[GIVEN RECORDS Boundary: Start]

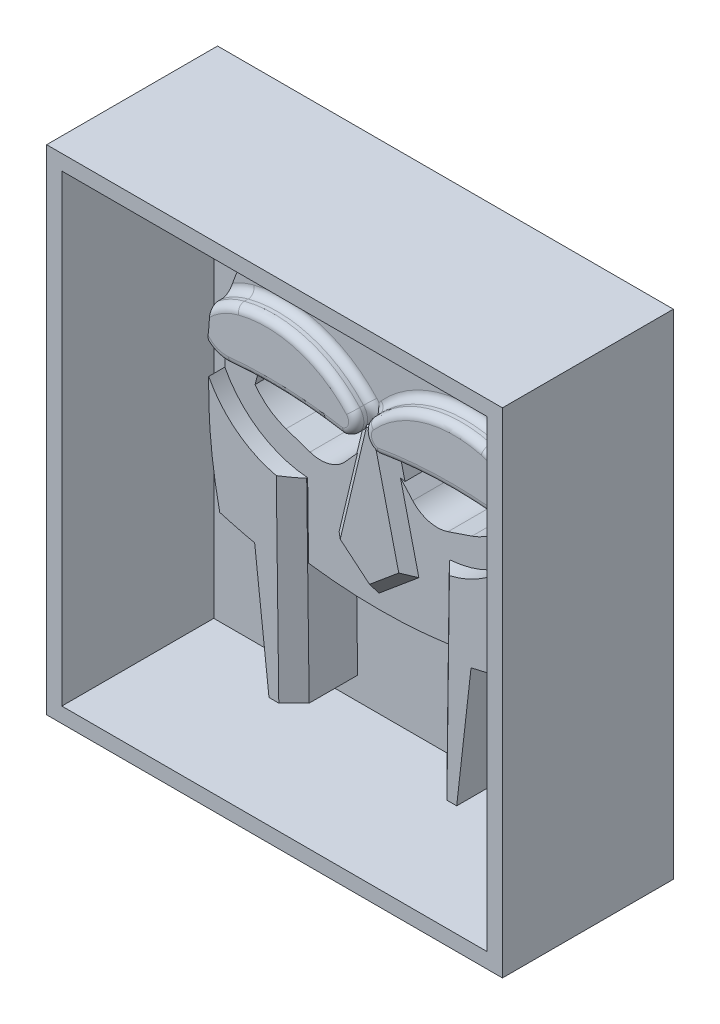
ISO-10303-21;
HEADER;
FILE_DESCRIPTION(('STEP AP214'),'2;1');
FILE_NAME('part.step','',(''),(''),'','','');
FILE_SCHEMA(('AUTOMOTIVE_DESIGN { 1 0 10303 214 1 1 1 1 }'));
ENDSEC;
DATA;
#1=APPLICATION_CONTEXT('core data for automotive mechanical design processes');
#2=APPLICATION_PROTOCOL_DEFINITION('international standard','automotive_design',2000,#1);
#3=PRODUCT_CONTEXT('',#1,'mechanical');
#4=PRODUCT('Part','Part','',(#3));
#5=PRODUCT_RELATED_PRODUCT_CATEGORY('part','',(#4));
#6=PRODUCT_DEFINITION_FORMATION('','',#4);
#7=PRODUCT_DEFINITION_CONTEXT('part definition',#1,'design');
#8=PRODUCT_DEFINITION('design','',#6,#7);
#9=PRODUCT_DEFINITION_SHAPE('','',#8);
#10=(LENGTH_UNIT() NAMED_UNIT(*) SI_UNIT(.MILLI.,.METRE.));
#11=(NAMED_UNIT(*) PLANE_ANGLE_UNIT() SI_UNIT($,.RADIAN.));
#12=(NAMED_UNIT(*) SI_UNIT($,.STERADIAN.) SOLID_ANGLE_UNIT());
#13=UNCERTAINTY_MEASURE_WITH_UNIT(LENGTH_MEASURE(1.E-05),#10,'distance_accuracy_value','');
#14=(GEOMETRIC_REPRESENTATION_CONTEXT(3) GLOBAL_UNCERTAINTY_ASSIGNED_CONTEXT((#13)) GLOBAL_UNIT_ASSIGNED_CONTEXT((#10,
#11,#12)) REPRESENTATION_CONTEXT('',''));
#15=CARTESIAN_POINT('',(0.,0.,0.));
#16=DIRECTION('',(0.,0.,1.));
#17=DIRECTION('',(1.,0.,0.));
#18=AXIS2_PLACEMENT_3D('',#15,#16,#17);
#19=CARTESIAN_POINT('',(10.282665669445,81.3315907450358,45.));
#20=DIRECTION('',(0.,0.,-1.));
#21=DIRECTION('',(-1.,0.,0.));
#22=AXIS2_PLACEMENT_3D('',#19,#20,#21);
#23=CYLINDRICAL_SURFACE('',#22,8.30108254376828);
#24=DIRECTION('',(0.,0.,-1.));
#25=VECTOR('',#24,1.);
#26=CARTESIAN_POINT('',(4.12605366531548,86.8997232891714,45.));
#27=LINE('',#26,#25);
#28=CARTESIAN_POINT('',(4.12605366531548,86.8997232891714,41.));
#29=VERTEX_POINT('',#28);
#30=CARTESIAN_POINT('',(4.12605366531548,86.8997232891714,39.));
#31=VERTEX_POINT('',#30);
#32=EDGE_CURVE('E852',#29,#31,#27,.T.);
#33=ORIENTED_EDGE('',*,*,#32,.T.);
#34=CARTESIAN_POINT('',(10.282665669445,81.3315907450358,39.));
#35=DIRECTION('',(0.,0.,1.));
#36=DIRECTION('',(1.,0.,0.));
#37=AXIS2_PLACEMENT_3D('',#34,#35,#36);
#38=CIRCLE('',#37,8.30108254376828);
#39=CARTESIAN_POINT('',(2.36885852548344,78.8256721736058,39.));
#40=VERTEX_POINT('',#39);
#41=EDGE_CURVE('E1444',#31,#40,#38,.T.);
#42=ORIENTED_EDGE('',*,*,#41,.T.);
#43=DIRECTION('',(0.,0.,-1.));
#44=VECTOR('',#43,1.);
#45=CARTESIAN_POINT('',(2.36885852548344,78.8256721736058,40.));
#46=LINE('',#45,#44);
#47=CARTESIAN_POINT('',(2.36885852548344,78.8256721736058,39.2284114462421));
#48=VERTEX_POINT('',#47);
#49=EDGE_CURVE('E834',#48,#40,#46,.T.);
#50=ORIENTED_EDGE('',*,*,#49,.F.);
#51=CARTESIAN_POINT('',(10.282665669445,81.3315907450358,30.9494133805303));
#52=DIRECTION('',(0.687884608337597,0.163752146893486,0.707106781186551));
#53=DIRECTION('',(0.687884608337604,0.163752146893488,-0.707106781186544));
#54=AXIS2_PLACEMENT_3D('',#51,#52,#53);
#55=ELLIPSE('',#54,11.7395035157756,8.30108254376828);
#56=CARTESIAN_POINT('',(9.10286088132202,73.1147767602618,34.));
#57=VERTEX_POINT('',#56);
#58=EDGE_CURVE('E1459',#48,#57,#55,.T.);
#59=ORIENTED_EDGE('',*,*,#58,.T.);
#60=DIRECTION('',(0.,0.,-1.));
#61=VECTOR('',#60,1.);
#62=CARTESIAN_POINT('',(9.10286088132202,73.1147767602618,40.));
#63=LINE('',#62,#61);
#64=CARTESIAN_POINT('',(9.10286088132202,73.1147767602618,40.));
#65=VERTEX_POINT('',#64);
#66=EDGE_CURVE('E1500',#65,#57,#63,.T.);
#67=ORIENTED_EDGE('',*,*,#66,.F.);
#68=DIRECTION('',(0.,0.,-1.));
#69=VECTOR('',#68,1.);
#70=CARTESIAN_POINT('',(9.10286088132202,73.1147767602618,45.));
#71=LINE('',#70,#69);
#72=CARTESIAN_POINT('',(9.10286088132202,73.1147767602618,41.));
#73=VERTEX_POINT('',#72);
#74=EDGE_CURVE('E848',#73,#65,#71,.T.);
#75=ORIENTED_EDGE('',*,*,#74,.F.);
#76=CARTESIAN_POINT('',(10.282665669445,81.3315907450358,41.));
#77=DIRECTION('',(0.,0.,1.));
#78=DIRECTION('',(1.,0.,0.));
#79=AXIS2_PLACEMENT_3D('',#76,#77,#78);
#80=CIRCLE('',#79,8.30108254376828);
#81=EDGE_CURVE('E1439',#73,#29,#80,.F.);
#82=ORIENTED_EDGE('',*,*,#81,.T.);
#83=EDGE_LOOP('',(#33,#42,#50,#59,#67,#75,#82));
#84=FACE_BOUND('',#83,.T.);
#85=ADVANCED_FACE('F165',(#84),#23,.T.);
#86=CARTESIAN_POINT('',(-10.282665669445,81.3315907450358,45.));
#87=DIRECTION('',(0.,0.,-1.));
#88=DIRECTION('',(-1.,0.,0.));
#89=AXIS2_PLACEMENT_3D('',#86,#87,#88);
#90=CYLINDRICAL_SURFACE('',#89,8.30108254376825);
#91=DIRECTION('',(0.,0.,-1.));
#92=VECTOR('',#91,1.);
#93=CARTESIAN_POINT('',(-9.10286088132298,73.1147767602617,45.));
#94=LINE('',#93,#92);
#95=CARTESIAN_POINT('',(-9.10286088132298,73.1147767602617,41.));
#96=VERTEX_POINT('',#95);
#97=CARTESIAN_POINT('',(-9.10286088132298,73.1147767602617,35.));
#98=VERTEX_POINT('',#97);
#99=EDGE_CURVE('E915',#96,#98,#94,.T.);
#100=ORIENTED_EDGE('',*,*,#99,.T.);
#101=DIRECTION('',(0.,0.,-1.));
#102=VECTOR('',#101,1.);
#103=CARTESIAN_POINT('',(-9.10286088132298,73.1147767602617,35.));
#104=LINE('',#103,#102);
#105=CARTESIAN_POINT('',(-9.10286088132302,73.1147767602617,33.9999999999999));
#106=VERTEX_POINT('',#105);
#107=EDGE_CURVE('E1503',#98,#106,#104,.T.);
#108=ORIENTED_EDGE('',*,*,#107,.T.);
#109=CARTESIAN_POINT('',(-10.282665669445,81.3315907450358,30.9494133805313));
#110=DIRECTION('',(0.687884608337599,-0.163752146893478,-0.707106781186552));
#111=DIRECTION('',(-0.687884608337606,0.16375214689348,-0.707106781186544));
#112=AXIS2_PLACEMENT_3D('',#109,#110,#111);
#113=ELLIPSE('',#112,11.7395035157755,8.30108254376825);
#114=CARTESIAN_POINT('',(-2.36885852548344,78.8256721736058,39.2284114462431));
#115=VERTEX_POINT('',#114);
#116=EDGE_CURVE('E1481',#106,#115,#113,.F.);
#117=ORIENTED_EDGE('',*,*,#116,.T.);
#118=DIRECTION('',(0.,0.,-1.));
#119=VECTOR('',#118,1.);
#120=CARTESIAN_POINT('',(-2.36885852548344,78.8256721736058,40.));
#121=LINE('',#120,#119);
#122=CARTESIAN_POINT('',(-2.36885852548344,78.8256721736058,39.));
#123=VERTEX_POINT('',#122);
#124=EDGE_CURVE('E830',#115,#123,#121,.T.);
#125=ORIENTED_EDGE('',*,*,#124,.T.);
#126=CARTESIAN_POINT('',(-10.282665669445,81.3315907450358,39.));
#127=DIRECTION('',(0.,0.,1.));
#128=DIRECTION('',(1.,0.,0.));
#129=AXIS2_PLACEMENT_3D('',#126,#127,#128);
#130=CIRCLE('',#129,8.30108254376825);
#131=CARTESIAN_POINT('',(-4.12605366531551,86.8997232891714,39.));
#132=VERTEX_POINT('',#131);
#133=EDGE_CURVE('E1192',#123,#132,#130,.T.);
#134=ORIENTED_EDGE('',*,*,#133,.T.);
#135=DIRECTION('',(0.,0.,-1.));
#136=VECTOR('',#135,1.);
#137=CARTESIAN_POINT('',(-4.12605366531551,86.8997232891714,45.));
#138=LINE('',#137,#136);
#139=CARTESIAN_POINT('',(-4.12605366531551,86.8997232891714,41.));
#140=VERTEX_POINT('',#139);
#141=EDGE_CURVE('E940',#140,#132,#138,.T.);
#142=ORIENTED_EDGE('',*,*,#141,.F.);
#143=CARTESIAN_POINT('',(-10.282665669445,81.3315907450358,41.));
#144=DIRECTION('',(0.,0.,1.));
#145=DIRECTION('',(1.,0.,0.));
#146=AXIS2_PLACEMENT_3D('',#143,#144,#145);
#147=CIRCLE('',#146,8.30108254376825);
#148=EDGE_CURVE('E1189',#140,#96,#147,.F.);
#149=ORIENTED_EDGE('',*,*,#148,.T.);
#150=EDGE_LOOP('',(#100,#108,#117,#125,#134,#142,#149));
#151=FACE_BOUND('',#150,.T.);
#152=ADVANCED_FACE('F1359',(#151),#90,.T.);
#153=CARTESIAN_POINT('',(0.,260.464771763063,43.5));
#154=DIRECTION('',(0.,0.,-1.));
#155=DIRECTION('',(-1.,0.,0.));
#156=AXIS2_PLACEMENT_3D('',#153,#154,#155);
#157=CYLINDRICAL_SURFACE('',#156,266.621586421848);
#158=CARTESIAN_POINT('',(0.,260.464771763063,10.));
#159=DIRECTION('',(0.,0.,1.));
#160=DIRECTION('',(1.,0.,0.));
#161=AXIS2_PLACEMENT_3D('',#158,#159,#160);
#162=CIRCLE('',#161,266.621586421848);
#163=CARTESIAN_POINT('',(-56.966420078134,0.,10.));
#164=VERTEX_POINT('',#163);
#165=CARTESIAN_POINT('',(-75.3418088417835,4.70965023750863,10.));
#166=VERTEX_POINT('',#165);
#167=EDGE_CURVE('E809',#164,#166,#162,.F.);
#168=ORIENTED_EDGE('',*,*,#167,.F.);
#169=DIRECTION('',(0.,0.,-1.));
#170=VECTOR('',#169,1.);
#171=CARTESIAN_POINT('',(-56.966420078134,0.,43.5));
#172=LINE('',#171,#170);
#173=CARTESIAN_POINT('',(-56.966420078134,0.,43.5));
#174=VERTEX_POINT('',#173);
#175=EDGE_CURVE('E1166',#174,#164,#172,.T.);
#176=ORIENTED_EDGE('',*,*,#175,.F.);
#177=CARTESIAN_POINT('',(0.,260.464771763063,43.5));
#178=DIRECTION('',(0.,0.,1.));
#179=DIRECTION('',(1.,0.,0.));
#180=AXIS2_PLACEMENT_3D('',#177,#178,#179);
#181=CIRCLE('',#180,266.621586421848);
#182=CARTESIAN_POINT('',(-75.3418088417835,4.70965023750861,43.5));
#183=VERTEX_POINT('',#182);
#184=EDGE_CURVE('E1130',#174,#183,#181,.F.);
#185=ORIENTED_EDGE('',*,*,#184,.T.);
#186=DIRECTION('',(0.,0.,-1.));
#187=VECTOR('',#186,1.);
#188=CARTESIAN_POINT('',(-75.3418088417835,4.70965023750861,43.5));
#189=LINE('',#188,#187);
#190=EDGE_CURVE('E1147',#183,#166,#189,.T.);
#191=ORIENTED_EDGE('',*,*,#190,.T.);
#192=EDGE_LOOP('',(#168,#176,#185,#191));
#193=FACE_BOUND('',#192,.T.);
#194=ADVANCED_FACE('F1365',(#193),#157,.T.);
#195=CARTESIAN_POINT('',(-56.2461686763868,-6.36485520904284,43.5));
#196=DIRECTION('',(-0.993658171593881,-0.112443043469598,0.));
#197=DIRECTION('',(0.112443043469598,-0.993658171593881,0.));
#198=AXIS2_PLACEMENT_3D('',#195,#196,#197);
#199=PLANE('',#198);
#200=DIRECTION('',(-0.112443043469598,0.993658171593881,0.));
#201=VECTOR('',#200,1.);
#202=CARTESIAN_POINT('',(-56.2461686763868,-6.36485520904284,10.));
#203=LINE('',#202,#201);
#204=CARTESIAN_POINT('',(-49.4132791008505,-66.7470394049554,10.));
#205=VERTEX_POINT('',#204);
#206=EDGE_CURVE('E806',#205,#164,#203,.T.);
#207=ORIENTED_EDGE('',*,*,#206,.F.);
#208=DIRECTION('',(0.,0.,-1.));
#209=VECTOR('',#208,1.);
#210=CARTESIAN_POINT('',(-49.4132791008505,-66.7470394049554,43.5));
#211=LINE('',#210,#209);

[GIVEN RECORDS Boundary: End]

▶ [TASK OBJECTIVE] Repeat the records above exactly, from the first line through the line that contains "#12=(NAMED_UNIT(*) SI_UNIT($,.STERADIAN.) SOLID_ANGLE_UNIT());", and leave out the pictures.

▶ [EXERCISE RESPONSE]
ISO-10303-21;
HEADER;
FILE_DESCRIPTION(('STEP AP214'),'2;1');
FILE_NAME('part.step','',(''),(''),'','','');
FILE_SCHEMA(('AUTOMOTIVE_DESIGN { 1 0 10303 214 1 1 1 1 }'));
ENDSEC;
DATA;
#1=APPLICATION_CONTEXT('core data for automotive mechanical design processes');
#2=APPLICATION_PROTOCOL_DEFINITION('international standard','automotive_design',2000,#1);
#3=PRODUCT_CONTEXT('',#1,'mechanical');
#4=PRODUCT('Part','Part','',(#3));
#5=PRODUCT_RELATED_PRODUCT_CATEGORY('part','',(#4));
#6=PRODUCT_DEFINITION_FORMATION('','',#4);
#7=PRODUCT_DEFINITION_CONTEXT('part definition',#1,'design');
#8=PRODUCT_DEFINITION('design','',#6,#7);
#9=PRODUCT_DEFINITION_SHAPE('','',#8);
#10=(LENGTH_UNIT() NAMED_UNIT(*) SI_UNIT(.MILLI.,.METRE.));
#11=(NAMED_UNIT(*) PLANE_ANGLE_UNIT() SI_UNIT($,.RADIAN.));
#12=(NAMED_UNIT(*) SI_UNIT($,.STERADIAN.) SOLID_ANGLE_UNIT());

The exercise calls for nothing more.